▸ **What needs to be done**:
Among the entries below, one stretch runs from the line that contains "BOSS_EXTRUDE3_DEPTH = 111" through the line that contains "# Sketch2 → Boss-Extrude2 (add)". Repeat that stretch exactly, ends included, and only that.

▸ **Exercise data**:
=== Section Start ===
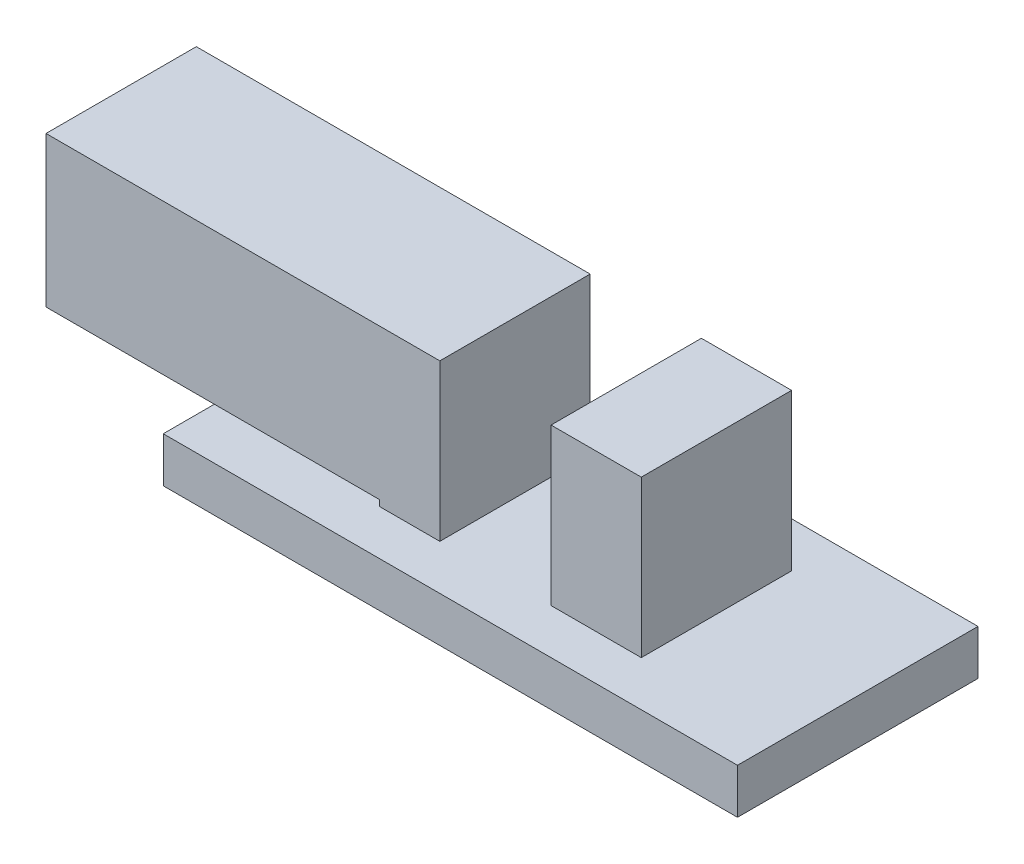
from build123d import *

# Parameters (mm, degrees)
SKETCH1_W           = 191
SKETCH1_H           = 80
BOSS_EXTRUDE1_DEPTH = 15
SKETCH2_W           = 20
SKETCH2_H           = 50
SKETCH2_W_2         = 30
BOSS_EXTRUDE2_DEPTH = 52
SKETCH3_W           = 50
SKETCH3_H           = 50
BOSS_EXTRUDE3_DEPTH = 111


with BuildPart() as part:
    # Sketch1 → Boss-Extrude1 (new body)
    with BuildSketch(Plane(origin=(0, 0, 0), x_dir=(1, 0, 0), z_dir=(0, 1, 0))):
        Rectangle(SKETCH1_W, SKETCH1_H)
    extrude(amount=BOSS_EXTRUDE1_DEPTH)

    # Sketch2 → Boss-Extrude2 (add)
    with BuildSketch(Plane(origin=(0, 15, 0), x_dir=(1, 0, 0), z_dir=(0, 1, 0))):
        with Locations((-28.5, 0)):
            Rectangle(SKETCH2_W, SKETCH2_H)
        with Locations((33.5, 0)):
            Rectangle(SKETCH2_W_2, SKETCH2_H)
    extrude(amount=BOSS_EXTRUDE2_DEPTH)

    # Sketch3 → Boss-Extrude3 (add)
    with BuildSketch(Plane(origin=(-38.5, 0, 0), x_dir=(0, 0, -1), z_dir=(1, 0, 0))):
        with Locations((0, 42)):
            Rectangle(SKETCH3_W, SKETCH3_H)
    extrude(amount=-BOSS_EXTRUDE3_DEPTH)


solid = part.part
=== Section End ===
▸ **Response area**:
BOSS_EXTRUDE3_DEPTH = 111


with BuildPart() as part:
    # Sketch1 → Boss-Extrude1 (new body)
    with BuildSketch(Plane(origin=(0, 0, 0), x_dir=(1, 0, 0), z_dir=(0, 1, 0))):
        Rectangle(SKETCH1_W, SKETCH1_H)
    extrude(amount=BOSS_EXTRUDE1_DEPTH)

    # Sketch2 → Boss-Extrude2 (add)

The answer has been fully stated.